Accroître l’offre de poisson tout en préservant les ressources disponibles : le Togo cherche un nouvel équilibre pour son secteur halieutique. Les travaux engagés à Lomé doivent aider le pays à mieux articuler production, aquaculture, protection des écosystèmes et besoins alimentaires.
La question ne se limite plus à augmenter les captures. Dans un contexte marqué par la pression sur les ressources naturelles, le développement du secteur passe aussi par une meilleure organisation de l’aquaculture, un suivi plus rigoureux des zones de pêche et des politiques capables de concilier rendement économique et préservation.

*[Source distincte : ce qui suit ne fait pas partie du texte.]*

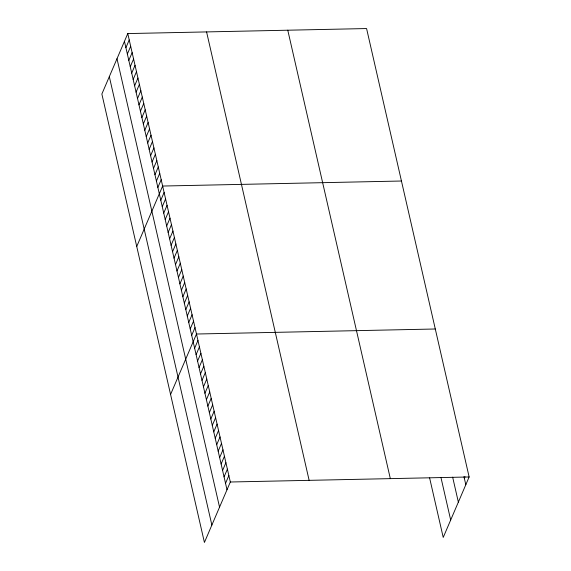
<?xml version="1.0" encoding="UTF-8"?>
<svg xmlns="http://www.w3.org/2000/svg" width="571" height="571" viewBox="0 0 571 571"><rect width="100%" height="100%" fill="white"/><g stroke="black" fill="none" stroke-linecap="round" stroke-linejoin="round"><path stroke-width="0.86" d="M127.776 33.575L101.866 94.029L204.418 542.45L230.327 482.003L127.776 33.575L366.582 28.55L469.134 476.971L443.224 537.425L429.613 477.913M125.906 47.678L129.224 39.927M127.354 54.031L130.68 46.28M128.81 60.39L132.129 52.632M130.259 66.743L133.585 58.984M131.715 73.095L135.034 65.337M133.164 79.448L136.49 71.696M134.62 85.8L137.946 78.049M136.076 92.152L139.395 84.401M137.525 98.505L140.851 90.753M138.981 104.857L142.3 97.106M140.43 111.209L143.756 103.458M141.886 117.562L145.205 109.81M143.335 123.914L146.661 116.163M144.791 130.267L148.11 122.515M146.24 136.619L149.566 128.868M147.696 142.971L151.015 135.22M149.152 149.324L152.471 141.572M150.601 155.676L153.927 147.925M152.057 162.028L155.376 154.277M153.506 168.381L156.832 160.629M154.962 174.733L158.281 166.982M156.411 181.086L159.737 173.334M157.867 187.438L161.186 179.687M136.733 246.494L162.642 186.039L401.449 181.014M160.794 200.228L164.113 192.477M162.264 206.659L165.583 198.908M163.734 213.097L167.053 205.346M165.205 219.528L168.524 211.777M166.675 225.966L170.001 218.208M168.145 232.397L171.471 224.646M169.616 238.828L172.942 231.077M171.093 245.266L174.412 237.515M172.563 251.697L175.882 243.945M174.034 258.135L177.353 250.383M175.504 264.566L178.83 256.814M176.974 270.997L180.3 263.245M178.445 277.435L181.771 269.683M179.922 283.866L183.241 276.114M181.392 290.304L184.711 282.552M182.863 296.734L186.182 288.983M184.333 303.172L187.652 295.414M185.803 309.603L189.129 301.852M187.274 316.034L190.6 308.283M188.744 322.472L192.07 314.721M190.222 328.903L193.54 321.152M191.692 335.341L195.011 327.59M170.572 394.468L196.481 334.021L435.295 328.996M194.632 348.21L197.959 340.452M196.103 354.641L199.429 346.89M197.573 361.072L200.899 353.321M199.043 367.51L202.37 359.759M200.521 373.941L203.84 366.189M201.991 380.379L205.31 372.627M203.462 386.81L206.781 379.058M204.932 393.248L208.258 385.489M206.402 399.679L209.728 391.927M207.873 406.109L211.199 398.358M209.35 412.548L212.669 404.796M210.82 418.978L214.139 411.227M212.291 425.416L215.61 417.665M213.761 431.847L217.08 424.096M215.231 438.278L218.557 430.527M216.702 444.716L220.028 436.965M218.172 451.147L221.498 443.396M219.649 457.585L222.968 449.834M221.12 464.016L224.439 456.265M222.59 470.454L225.909 462.703M224.06 476.885L227.386 469.134M225.531 483.316L228.857 475.564M464.344 478.291L465.008 476.742M230.327 482.003L469.134 476.971M463.973 476.685L465.815 484.729M452.66 477.185L458.356 502.116M440.933 477.406L450.683 520.031M287.777 30.206L390.328 478.634M206.581 31.919L309.132 480.339M124.449 41.326L227.001 489.754M116.998 58.72L219.55 507.141M109.318 76.635L211.87 525.063"/></g></svg>
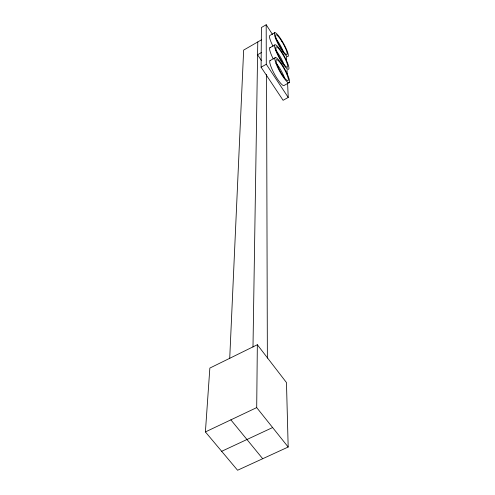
<?xml version="1.0" encoding="UTF-8"?>
<svg xmlns="http://www.w3.org/2000/svg" width="495" height="495" viewBox="0 0 495 495"><rect width="100%" height="100%" fill="white"/><g stroke="black" fill="none" stroke-linecap="round" stroke-linejoin="round"><path stroke-width="0.74" d="M287.583 82.807L288.232 97.435L283.091 100.299L261.094 67.221L261.416 27.516L266.192 24.75L272.504 34.471M288.177 447.028L256.701 407.608L257.338 344.73L209.849 368.076L205.4 431.925L237.575 470.25L288.177 447.028L286.469 382.567L257.338 344.73M252.988 347.045L257.784 41.945M229.711 358.609L243.651 50.094L261.577 39.761M274.781 32.651L269.948 35.436A13.625 2.543 60.7 0 0 273.011 46.258M261.478 52.52L257.579 54.753L261.416 60.545M269.818 47.798L274.787 44.952M269.948 60.668L275.047 57.767M261.094 67.221L266.285 64.263L266.192 24.75M289.427 82.473L284.328 85.326A14.336 2.834 60.9 0 1 274.409 73.99A14.336 2.834 60.9 0 1 270.678 60.458M205.4 431.925L256.701 407.608M221.673 451.304L272.621 427.544M230.862 419.853L262.697 458.723M266.285 64.263L288.232 97.435M286.426 56.634L286.63 61.25M287.001 69.721L287.205 74.343M266.545 74.491L267.368 358.102M273.302 59.016A13.971 2.685 60.8 0 1 270.53 47.631M275.981 38.777A11.36 2.098 60.7 0 1 277.429 40.708L278.939 43.009A11.36 2.098 60.7 0 1 283.542 52.223M276.037 50.657A11.651 2.215 60.8 0 1 284.087 64.882M276.482 63.676A11.954 2.339 60.9 0 1 284.421 77.579M281.816 41.363L280.306 39.062A11.373 2.067 60.7 0 0 276.575 39.52A11.373 2.067 60.7 0 0 286.426 54.555A11.373 2.067 60.7 0 0 281.816 41.363M282.571 51.282L280.721 48.454A13.643 2.481 60.7 0 1 274.323 33.846A13.643 2.481 60.7 0 1 280.189 38.047L281.995 40.831A13.643 2.481 60.7 0 1 288.344 55.335A13.643 2.481 60.7 0 1 282.571 51.282M275.919 48.869L275.783 47.545A11.657 2.184 60.8 0 1 284.538 57.569A11.657 2.184 60.8 0 1 285.429 66.07A11.657 2.184 60.8 0 1 275.919 48.869M275.672 50.286A13.99 2.617 60.8 0 0 288.127 69.294A13.99 2.617 60.8 0 0 281.488 51.523A13.99 2.617 60.8 0 0 275.672 50.286M275.963 63.36A14.361 2.766 60.9 0 0 288.758 82.758A14.361 2.766 60.9 0 0 281.927 64.338A14.361 2.766 60.9 0 0 275.963 63.36M277.008 64.474A11.967 2.302 60.9 0 0 287.669 80.654A11.967 2.302 60.9 0 0 281.995 65.321A11.967 2.302 60.9 0 0 277.008 64.474"/></g></svg>
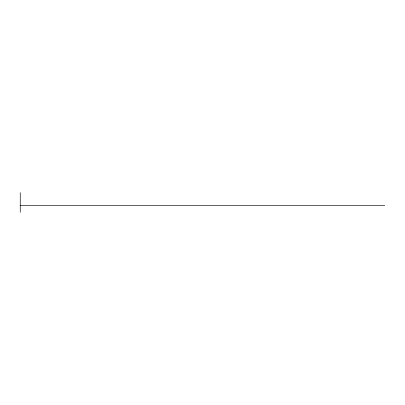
<?xml version="1.0" encoding="UTF-8"?>
<svg xmlns="http://www.w3.org/2000/svg" width="405" height="405" viewBox="0 0 405 405"><rect width="100%" height="100%" fill="white"/><g stroke="black" fill="none" stroke-linecap="round" stroke-linejoin="round"><path stroke-width="0.61" d="M20.25 205.467L384.75 205.467M20.25 192.709L20.25 212.291"/></g></svg>
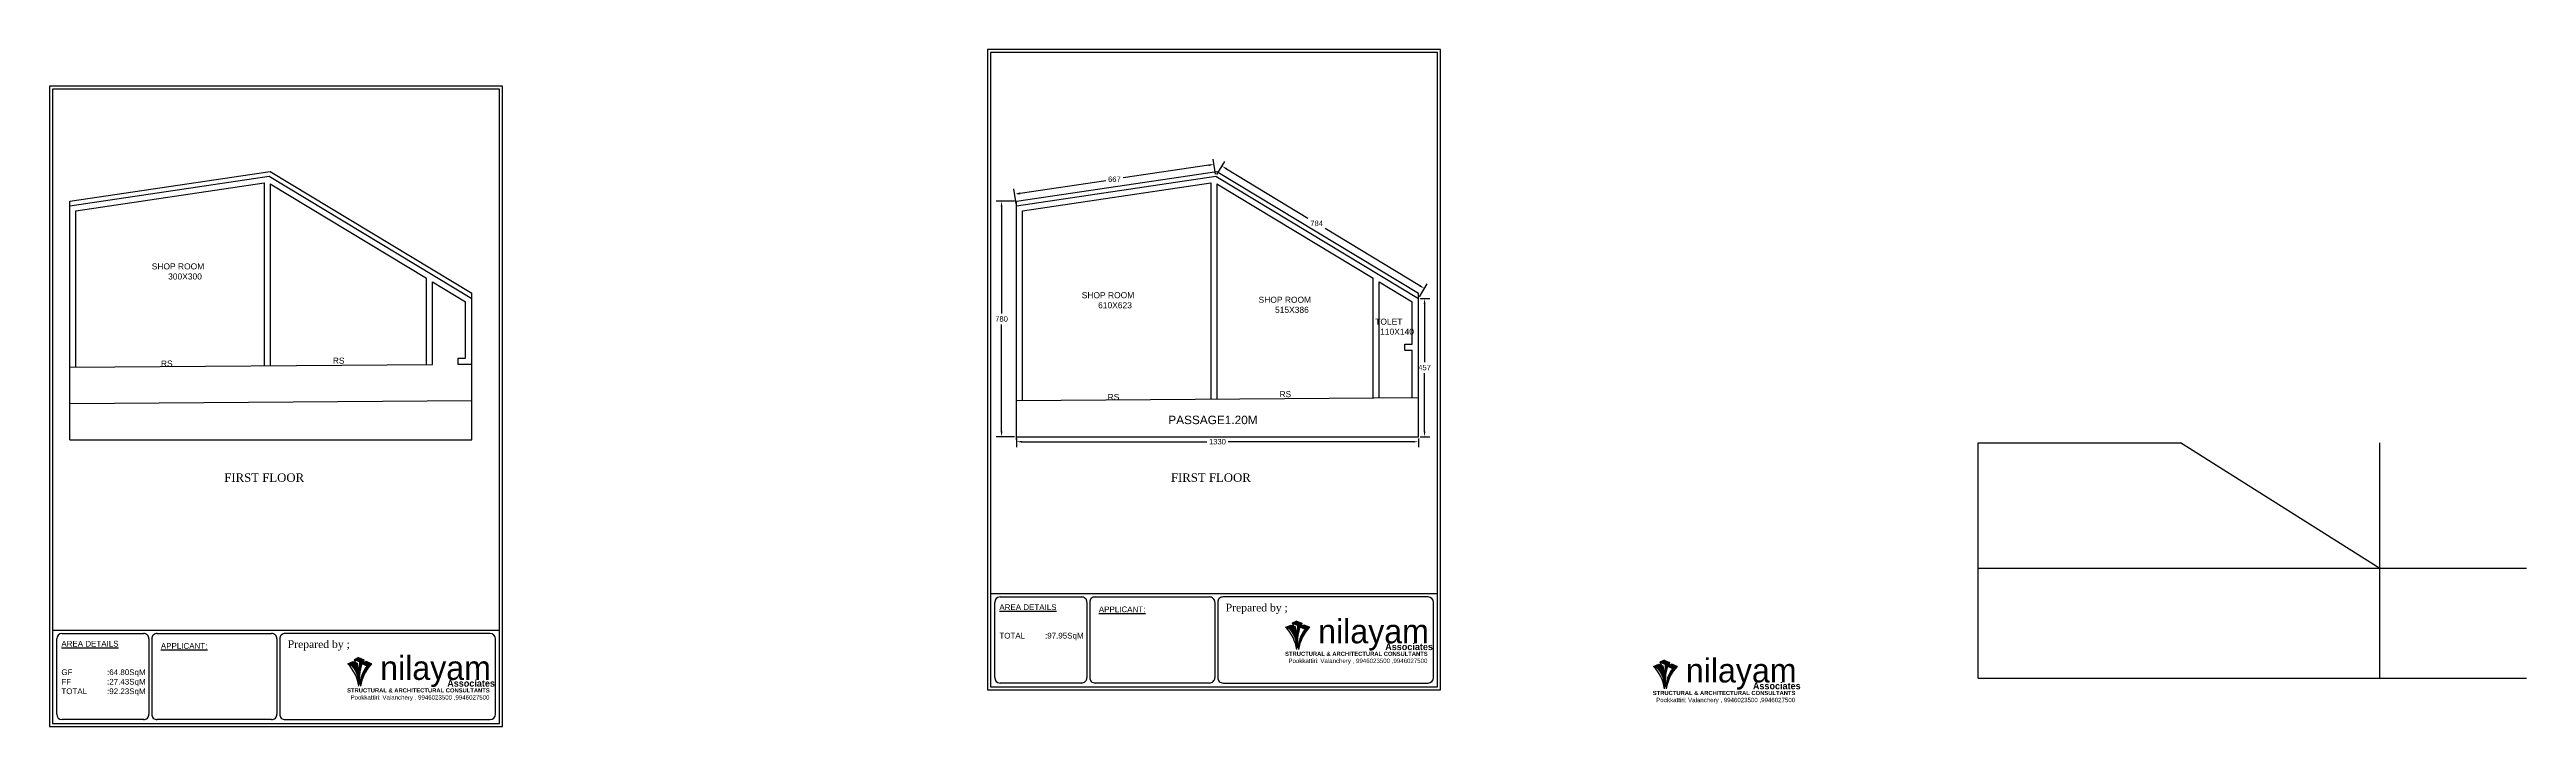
# Model space of a CAD drawing. Header units: inches. Extents: x -2903 to 3367, y -161 to 1064.
# Drawn here: x 948 to 1030, y 483.3 to 505.7 of the extents above; entities that cross this region are included whole.
import ezdxf

# ---------------------------------------------------------------- set-up
doc = ezdxf.new("R2010")
doc.units = ezdxf.units.IN
doc.header["$MEASUREMENT"] = 0
doc.layers.add('--plan', color=7, linetype='Continuous')
doc.layers.add('PLAN', color=10, linetype='Continuous')
doc.styles.add('SA', font='times.ttf')
doc.styles.get("Standard").update_dxf_attribs({"font": 'arial.ttf'})
doc.dimstyles.get("Standard").update_dxf_attribs({"dimtxt": 0.18, "dimasz": 0.18, "dimexe": 0.18, "dimexo": 0.0625, "dimgap": 0.09, "dimtad": 0, "dimtih": 1, "dimtoh": 1, "dimdec": 0, "dimlfac": 100, "dimzin": 0, "dimdsep": 46, "dimtxsty": 'Standard', "dimcen": 0.09, "dimadec": 0, "dimazin": 0, "dimtfac": 1, "dimtdec": 0, "dimtofl": 0, "dimtmove": 0, "dimatfit": 3, "dimfxl": 1, "dimtolj": 1, "dimtzin": 0, "dimarcsym": 0})

# ---------------------------------------------------------------- blocks, each defined once
blk = doc.blocks.new('nilayan new')
h = blk.add_hatch(color=256)
h.set_gradient(color1=(171, 171, 160), color2=(233, 233, 231), one_color=1, tint=0.91)
h.paths.add_polyline_path([(-543.265, 296.076), (-543.464, 295.991), (-543.303, 295.916), (-543.099, 296.007)])
h.paths.add_polyline_path([(-543.099, 296.007), (-543.303, 295.916, -0.197043), (-543.05, 295.133, 0.041266), (-543.013, 295.39, -0.030102), (-543.013, 295.58, 0.069334)])
h.paths.add_polyline_path([(-542.927, 296.007), (-542.722, 295.916), (-542.561, 295.991), (-542.76, 296.076)])
h.paths.add_polyline_path([(-542.561, 295.991), (-542.722, 295.916, 0.197043), (-542.976, 295.133, -0.158169)])
h = blk.add_hatch(color=256)
h.set_gradient(color1=(13, 97, 231), color2=(163, 196, 250), one_color=1, tint=0.81, name='HEMISPHERICAL')
h.paths.add_polyline_path([(-542.848, 296.148), (-543.052, 296.23), (-543.218, 296.149), (-543.018, 296.064)])
h.paths.add_polyline_path([(-543.016, 295.622, -0.006631), (-543.013, 295.58, -0.069334), (-542.927, 296.007), (-542.882, 296.026), (-542.848, 296.148), (-543.018, 296.064)])
for p, q in [((-543.464, 295.991), (-543.265, 296.076)), ((-543.303, 295.916), (-543.464, 295.991)), ((-543.099, 296.007), (-543.303, 295.916)), ((-543.265, 296.076), (-543.099, 296.007)), ((-543.052, 296.23), (-543.218, 296.149)), ((-543.018, 296.064), (-543.218, 296.149)), ((-543.218, 296.149), (-543.163, 296.034)), ((-543.052, 296.23), (-542.848, 296.148)), ((-542.848, 296.148), (-543.018, 296.064)), ((-543.018, 296.064), (-543.016, 295.622)), ((-542.76, 296.076), (-542.927, 296.007)), ((-542.927, 296.007), (-542.722, 295.916)), ((-542.848, 296.148), (-542.882, 296.026)), ((-542.561, 295.991), (-542.76, 296.076)), ((-542.722, 295.916), (-542.561, 295.991))]:
    blk.add_line(p, q)
for points in [[(-543.265, 296.076), (-543.099, 296.007), (-543.303, 295.916), (-543.464, 295.991), (-543.265, 296.076)], [(-542.76, 296.076), (-542.561, 295.991), (-542.722, 295.916), (-542.927, 296.007), (-542.76, 296.076)]]:
    blk.add_lwpolyline(points)
for centre, radius, start, end in [((-544.579, 294.922), 1.544, 7.82588, 43.77778), ((-544.132, 295.215), 1.085, 355.64458, 40.23232), ((-544.588, 295.485), 1.579, 347.09944, 19.3132), ((-541.437, 295.485), 1.579, 160.6868, 192.90056), ((-541.893, 295.215), 1.085, 139.76768, 184.35542), ((-541.446, 294.922), 1.544, 136.22222, 172.17412)]:
    blk.add_arc(centre, radius, start, end)
at = {"attachment_point": 1}
for s, width, insert, char_height in [('{\\fBauhaus|b0|i0|c0|p2;\\C5;nilayam}', 18.84828, (-542.225, 296.297), 0.92248), ('Pookkattiri: Valanchery , 9946023500 ,9946027500', 13.33237, (-543.366, 294.786), 0.168)]:
    blk.add_mtext_dynamic_manual_height_columns(s, width=width, gutter_width=1, heights=[0], dxfattribs=dict(at, insert=insert, char_height=char_height))
for s, insert, char_height, width in [('{\\fArial Greek|b1|i0|c0|p34;STRUCTURAL & ARCHITECTURAL CONSULTANTS}', (-543.495, 295.051), 0.16, 15.33754), ('{\\fBauhaus|b1|i0|c0|p2;Associates}', (-539.651, 295.373), 0.25945, 11.05359)]:
    blk.add_mtext(s, dxfattribs=dict(at, insert=insert, char_height=char_height, width=width))
blk = doc.blocks.new('nilayam')
for p, q in [((1159.526, 564.623), (1159.526, 565.066)), ((1159.526, 562.572), (1159.526, 564.944)), ((1159.705, 565.245), (1162.407, 565.245)), ((1162.578, 565.066), (1162.578, 564.623)), ((1162.578, 564.944), (1162.578, 562.572)), ((1162.671, 565.066), (1162.671, 564.623)), ((1162.671, 564.944), (1162.671, 562.572)), ((1162.843, 565.245), (1166.636, 565.245)), ((1166.814, 565.066), (1166.814, 564.623)), ((1166.814, 564.944), (1166.814, 562.572)), ((1166.908, 565.066), (1166.908, 564.623)), ((1166.908, 564.944), (1166.908, 562.572)), ((1173.871, 565.245), (1167.086, 565.245)), ((1174.049, 564.623), (1174.049, 565.066)), ((1174.049, 562.572), (1174.049, 564.944)), ((1162.407, 562.394), (1159.705, 562.394)), ((1166.636, 562.394), (1162.843, 562.394)), ((1167.086, 562.394), (1173.871, 562.394))]:
    blk.add_line(p, q)
for centre, radius, start, end in [((1159.705, 565.066), 0.179, 90, 180), ((1162.403, 565.07), 0.175, 358.81629, 91.18371), ((1162.846, 565.07), 0.175, 88.81629, 181.18371), ((1166.639, 565.07), 0.175, 358.81629, 91.18371), ((1167.082, 565.07), 0.175, 88.81629, 181.18371), ((1173.871, 565.066), 0.179, 0, 90), ((1159.705, 562.572), 0.179, 180, 270), ((1162.403, 562.569), 0.175, 268.81629, 1.18371), ((1162.846, 562.569), 0.175, 178.81629, 271.18371), ((1166.639, 562.569), 0.175, 268.81629, 1.18371), ((1167.082, 562.569), 0.175, 178.81629, 271.18371), ((1173.871, 562.572), 0.179, 270, 0)]:
    blk.add_arc(centre, radius, start, end)
at = {"layer": 'PLAN', "color": 0}
for p, q in [((1159.389, 565.359), (1174.182, 565.359)), ((1159.391, 562.267), (1174.184, 562.267))]:
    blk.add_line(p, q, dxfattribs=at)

C’est dans cette perspective que plusieurs acteurs nationaux examinent l’adaptation des stratégies togolaises au Cadre politique et à la stratégie de réforme de la pêche et de l’aquaculture en Afrique.
Sortir d’une logique centrée sur les captures
Le défi est d’éviter qu’une hausse de la production ne se traduise par une exploitation excessive des ressources halieutiques.
Pour y parvenir, le pays devra mieux encadrer les pratiques, renforcer les données disponibles sur les stocks et intégrer davantage les enjeux climatiques dans la gestion du secteur.
L’aquaculture apparaît, dans ce contexte, comme un levier essentiel. Son développement peut contribuer à augmenter l’offre nationale sans accroître la pression sur les milieux naturels.
Adapter les politiques aux réalités du terrain
Les travaux menés dans le cadre du projet FISHGOV 2 doivent permettre d’identifier les écarts entre les orientations africaines et les dispositifs actuellement appliqués au Togo.
L’objectif est de proposer des ajustements capables d’améliorer l’efficacité des politiques publiques, mais aussi de mieux prendre en compte les besoins des pêcheurs, des aquaculteurs et des autres professionnels de la filière.
Au-delà des textes, la réforme devra produire des effets concrets sur l’organisation du secteur, la qualité de la production et les revenus tirés de l’activité.
Un enjeu alimentaire autant qu’économique
La pêche et l’aquaculture occupent une place importante dans l’alimentation des ménages et dans les moyens de subsistance de nombreux acteurs.
Le défi consiste désormais à faire progresser la production sans compromettre les ressources dont dépend l’avenir du secteur. Cette équation impose une politique plus cohérente, une aquaculture mieux structurée et une gestion plus prudente des espaces de pêche.
La réussite de cette transition se mesurera moins au nombre de recommandations adoptées qu’à la capacité du pays à produire davantage de poisson tout en maintenant les écosystèmes en état de se renouveler.